Litigation so far has focused on whether one particular precedent, Durkin v. Board of Appeals of Falmouth, covers the current situation.

But there’s a twist. Gov. Charlie Baker signed a law Aug. 4, “An act relative to non-conforming structures,” changing the rules. It provides that certain kinds of zoning lawsuits are permitted only within the first 10 years of a zoning violation, and that structures that have existed for longer “shall be deemed, for zoning purposes, to be legally non-conforming.”

https://youtu.be/KQHWtXSIfGw

“By its plain terms, it essentially guts plaintiff’s case,” Assistant Attorney General Adam Hornstine told the court.

But the neighbors’ attorney, Mark Bobrowski, disagreed: “I think it buttresses the case … to become non-conforming, you have to have an act of the Legislature.”

Kevin O’Flaherty of Goulston & Storrs, representing Leggat McCall, was reserved on the new law. While he drew the court’s attention to it by letter last month and said it “bears directly upon the issue,” he was silent on its direct applicability.

Justice Peter Agnes was quick to ask both sides about the new law, focusing on whether it was yet in effect or kicks in 90 days after it was signed, as is the case for most laws. It seemed clear the three-judge panel, made up of Agnes, Diana Maldonado and Kenneth Desmond, hoped to resolve the case on the relative clarity of the new law and not have to tease apart the tricky questions of precedent involving Durkin.

Attorneys for both sides cautioned that it is difficult to tell how a court will decide from questioning at oral argument, but Agnes – who dominated the questioning – seemed more skeptical of the neighbors’ position, and interrupted Bobrowski frequently during his 15 minutes.

Kevin P. O'Flaherty argues the developer‘s case Friday before judges Diana Maldonado, Peter Agnes and Kenneth Desmond. (Photo: John Hawkinson)

Mark Bobrowski argues the neighbors’ case Friday before judges Diana Maldonado, Peter Agnes and Kenneth Desmond. (Photo: John Hawkinson)

On the developers’ side, 12 minutes were allotted to O’Flaherty.
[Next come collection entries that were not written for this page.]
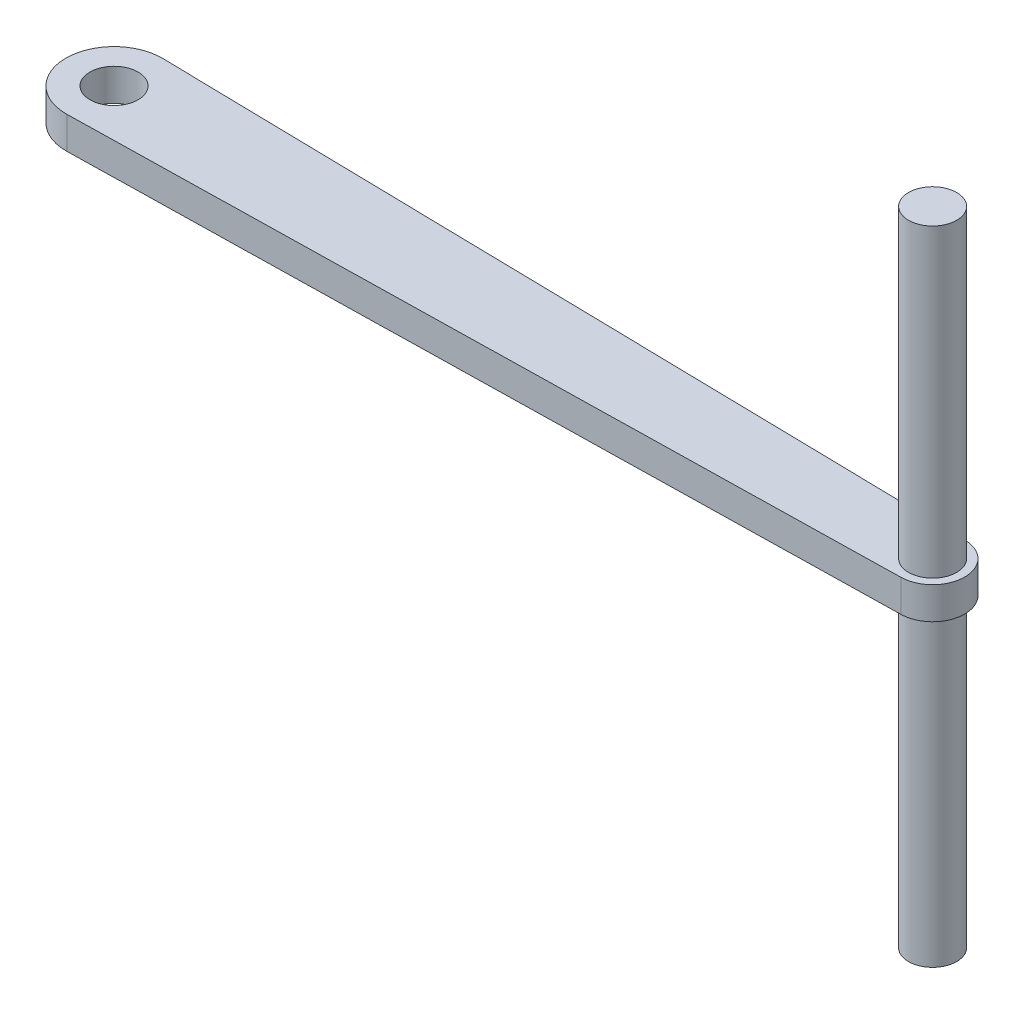
SolidWorks part; units mm, degrees
ref_plane "Front Plane" through (0, 0, 0) normal (0, 0, 1) x (1, 0, 0)
ref_plane "Top Plane" through (0, 0, 0) normal (0, 1, 0) x (1, 0, 0)
ref_plane "Right Plane" through (0, 0, 0) normal (1, 0, 0) x (0, 0, -1)
sketch "Sketch1" plane through (0, 0, 0) normal (0, 1, 0) x (1, 0, 0)
  circle A0 centre (0, 0) radius 1.5
  dimension "D1" = 3
extrude "Boss-Extrude1" add sketch "Sketch1" along normal mid plane 40
sketch "Sketch2" plane through (0, 0, 0) normal (0, 1, 0) x (1, 0, 0)
  line L0 (-29.7739, 0) -> (33.4446, 0) construction
  line L1 (-50.9412, 2.9994) -> (0.0392, 1.9996)
  line L2 (-50.9412, -2.9994) -> (0.0392, -1.9996)
  arc A2 (0.0392, -1.9996) -> (0.0392, 1.9996) centre (0, 0) ccw
  arc A3 (-50.9412, 2.9994) -> (-50.9412, -2.9994) centre (-51, 0) ccw
  circle A4 centre (-51, 0) radius 1.5
  point P2 (0, 0)
  dimension "D1" = 4
  dimension "D2" = 6
  dimension "D3" = 3
  dimension "D4" = 51
extrude "Boss-Extrude2" add sketch "Sketch2" along normal mid plane 2
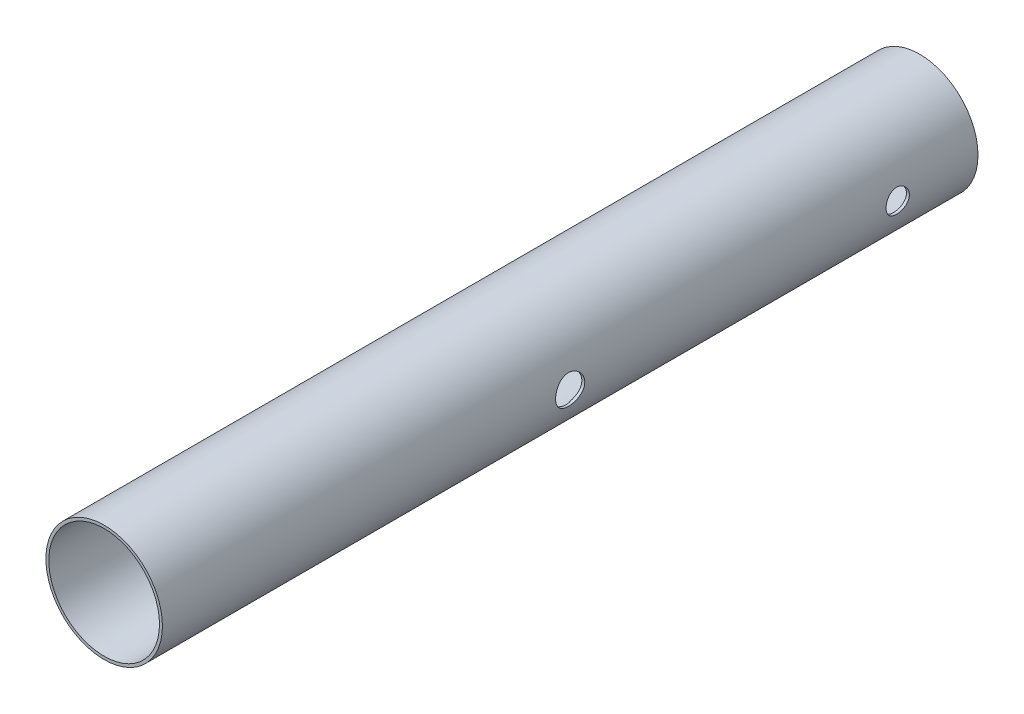
SolidWorks part; units mm, degrees
ref_plane "Plano frontal" through (0, 0, 0) normal (0, 0, 1) x (1, 0, 0)
ref_plane "Plano superior" through (0, 0, 0) normal (0, 1, 0) x (1, 0, 0)
ref_plane "Plano direito" through (0, 0, 0) normal (1, 0, 0) x (0, 0, -1)
sketch "Esboço2" plane through (0, 0, 0) normal (0, 0, 1) x (1, 0, 0)
  circle A0 centre (0, 0) radius 100
  circle A1 centre (0, 0) radius 95
extrude "Ressalto-extrusão2" add sketch "Esboço2" along normal blind 1400
sketch "Esboço3" plane through (0, 0, 0) normal (1, 0, 0) x (0, 0, -1)
  line L0 (-700, 100) -> (-700, -100) construction
  line L1 (0, 100) -> (-1400, 100) construction
  line L2 (-1400, -100) -> (0, -100) construction
  circle A0 centre (-700, 0) radius 25
  point P2 (0, 0)
  dimension "D1" = 50
extrude "Corte-extrusão1" cut sketch "Esboço3" against normal through all both and the other way through all
sketch "Esboço4" plane through (0, 0, 0) normal (1, 0, 0) x (0, 0, -1)
  line L1 (-692.9789, 28.898) -> (-707.0211, 28.898)
  line L2 (-692.9789, 28.898) -> (-692.9789, -28.898)
  line L3 (-692.9789, -28.898) -> (-707.0211, -28.898)
  line L4 (-707.0211, 28.898) -> (-707.0211, -28.898)
  line L5 (-692.9789, 28.898) -> (-707.0211, -28.898) construction
  line L6 (-692.9789, -28.898) -> (-707.0211, 28.898) construction
  circle A0 centre (-700, 0) radius 25 construction
  point P4 (-700, 0)
  point P5 (0, 0)
extrude "Corte-extrusão2" cut sketch "Esboço4" against normal mid plane 185
sketch "Esboço5" plane through (0, 0, 0) normal (1, 0, 0) x (0, 0, -1)
  circle A0 centre (-137.8261, 0) radius 20
  dimension "D1" = 40
extrude "Corte-extrusão3" cut sketch "Esboço5" along normal blind 185

Attorneys for Cambridge and the state were left to divide the remaining three minutes.

O’Flaherty’s argument remained what it was at the Land Court and in the briefs: “So what’s the legal status of such a structure when it stops being owned by the government and that immunity, if you will, evaporates? And the question is answered by Durkin, clearly. Mr. Bobrowski says Durkin is sort of sloppy mess of a decision. I don’t think it is.”

Several times during argument, Agnes reminded the attorneys that the judges had read the briefings, and Durkin, very carefully: “You can assume we know the facts. I think we’ve all read it forwards and backwards,” he said.

Joking that he was allowed only 18 seconds to speak, Hornstine emphasized what he termed the public policy issue: “An adverse decision in this case would have profound effect on the vested property rights of the commonwealth and its taxpayers. It will prevent the commonwealth from reselling its property or reusing its property at a fair market value, thus diminishing the overall capital assets of the commonwealth, and essentially resulting in a number of eyesores that are undevelopable or need to be razed in order to be resold.”

Asked after the argument whether he would take the case to the Supreme Judicial Court if he did not prevail, Bobrowski declined to commit, but added: “I’m not going to appeal if we win.”

O’Flaherty and Rob Dickey, an executive vice president at Leggat McCall, declined to comment.


This post was updated Oct. 11, 2016, to add an audio recording of oral argument and refine a photo caption.